Transfer point 23...Magnet strip 24a, 24b...24h
...Data recording section 31, 32, 33 ... Pumping-in erase coil 34fJ. 34fr, 34bA', 34br --- Traveling course detection sensor 35fl, 35fr, 35bl, :zu5 b
R-Theta Detection Sempu Procedure Correction Shop (Voluntary) May 17, 1980 Director General of the Special Interest Agency 1 Display of the case 1932)) Application No. 21932 2 Name of the invention Automatic guided vehicle guidance method and Apparatus 3 Relation to Supplementary iF Consideration iI +I+ Patent Applicant 4 Agent Address 71114-22 Shitennoji I, Tennoji-ku, Osaka 543
No. Nisshin Hill No. 207 - Column f of [-Detailed Description of the Invention J] of the specification? ifi positive contents specification page 20 page 12 at the end of the breakthrough 1 above-mentioned example''
, An unmanned vehicle (general transportation vehicle G) in the Odojo has been explained, but it is not limited to this, for example - a car on the ship road], an airplane on the ground arriving at the airport87-

Claims (1)

[Scope of Claims] 1. Magnetize a magnetic material placed in advance in a place where the automatic guided vehicle will travel, write data such as traveling, stopping, redirection, or position of the automatic guided vehicle; A method of guiding an automatic guided vehicle, which is characterized by driving the automatic guided vehicle while detecting data using a sensor installed in the automatic guided vehicle.2.

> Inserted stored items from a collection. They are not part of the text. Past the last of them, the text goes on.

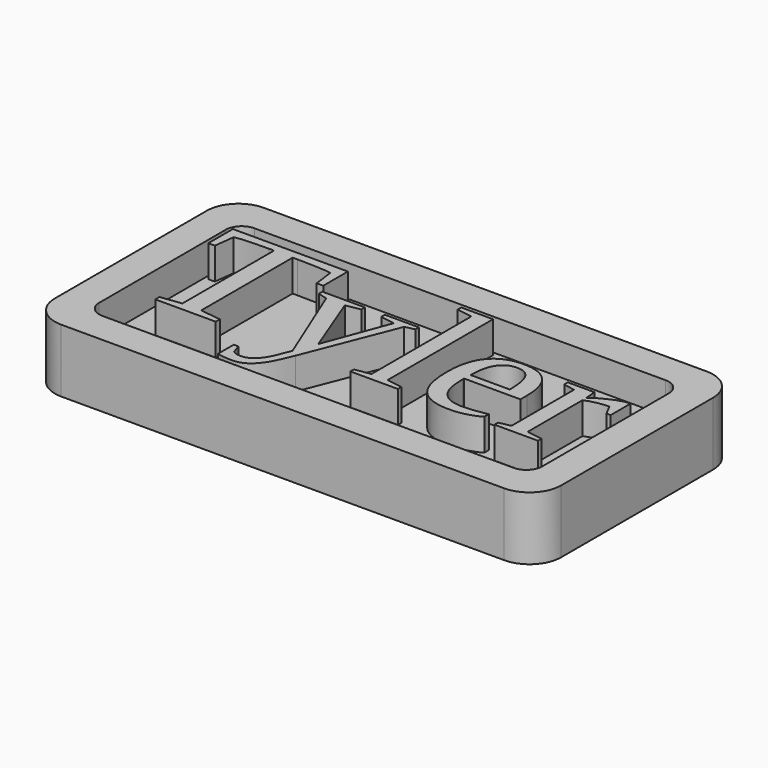
from build123d import *

# Parameters (mm, degrees)
F1_DEPTH     = 6.35
F3_DEPTH     = 3.175
F4_TEXT_SIZE = 20.0295712173
F5_DEPTH     = 3.175


# Not quite as in the source:
# - Text() gives the source's letters only with a copy of the font that has no kerning and outlines rounded to 1/6400 em; it was checked with that copy


with BuildPart() as f1:
    # F0 (on Top) → F1 (new body)
    with BuildSketch(Plane.XY):
        with BuildLine():
            Line((47.625, 25.4), (3.175, 25.4))
            ThreePointArc((3.175, 25.4), (0.9299359697, 24.4700640303), (0, 22.225))
            Line((0, 22.225), (0, 3.175))
            ThreePointArc((0, 3.175), (0.9299359697, 0.9299359697), (3.175, 0))
            Line((3.175, 0), (47.625, 0))
            ThreePointArc((47.625, 0), (49.8700640303, 0.9299359697), (50.8, 3.175))
            Line((50.8, 3.175), (50.8, 22.225))
            ThreePointArc((50.8, 22.225), (49.8700640303, 24.4700640303), (47.625, 25.4))
        make_face()
    extrude(amount=F1_DEPTH)

    # F2 (on face) → F3 (cut)
    with BuildSketch(Plane.XY.offset(6.35)):
        with BuildLine():
            Line((46.0375, 22.225), (4.7625, 22.225))
            ThreePointArc((4.7625, 22.225), (3.6399679849, 21.7600320151), (3.175, 20.6375))
            Line((3.175, 20.6375), (3.175, 4.7625))
            ThreePointArc((3.175, 4.7625), (3.6399679849, 3.6399679849), (4.7625, 3.175))
            Line((4.7625, 3.175), (46.0375, 3.175))
            ThreePointArc((46.0375, 3.175), (47.1600320151, 3.6399679849), (47.625, 4.7625))
            Line((47.625, 4.7625), (47.625, 20.6375))
            ThreePointArc((47.625, 20.6375), (47.1600320151, 21.7600320151), (46.0375, 22.225))
        make_face()
    extrude(amount=-F3_DEPTH, mode=Mode.SUBTRACT)

    # F4 (on face) → F5 (join)
    with BuildSketch(Plane.XY.offset(3.175)):
        with Locations((3.175, 7.9570829869)):
            Text('Tyler', F4_TEXT_SIZE, font='Tinos', text_align=(TextAlign.LEFT, TextAlign.BOTTOM))
    extrude(amount=F5_DEPTH)


solid = f1.part

a means for magnetizing and demagnetizing the magnetic material in order to store and erase data such as running, stopping, steering, or position of the automated guided vehicle; A guiding device for an automatic guided vehicle, comprising: a sensor that detects written data; and a control unit that guides the automatic guided vehicle based on the detection data of the sensor.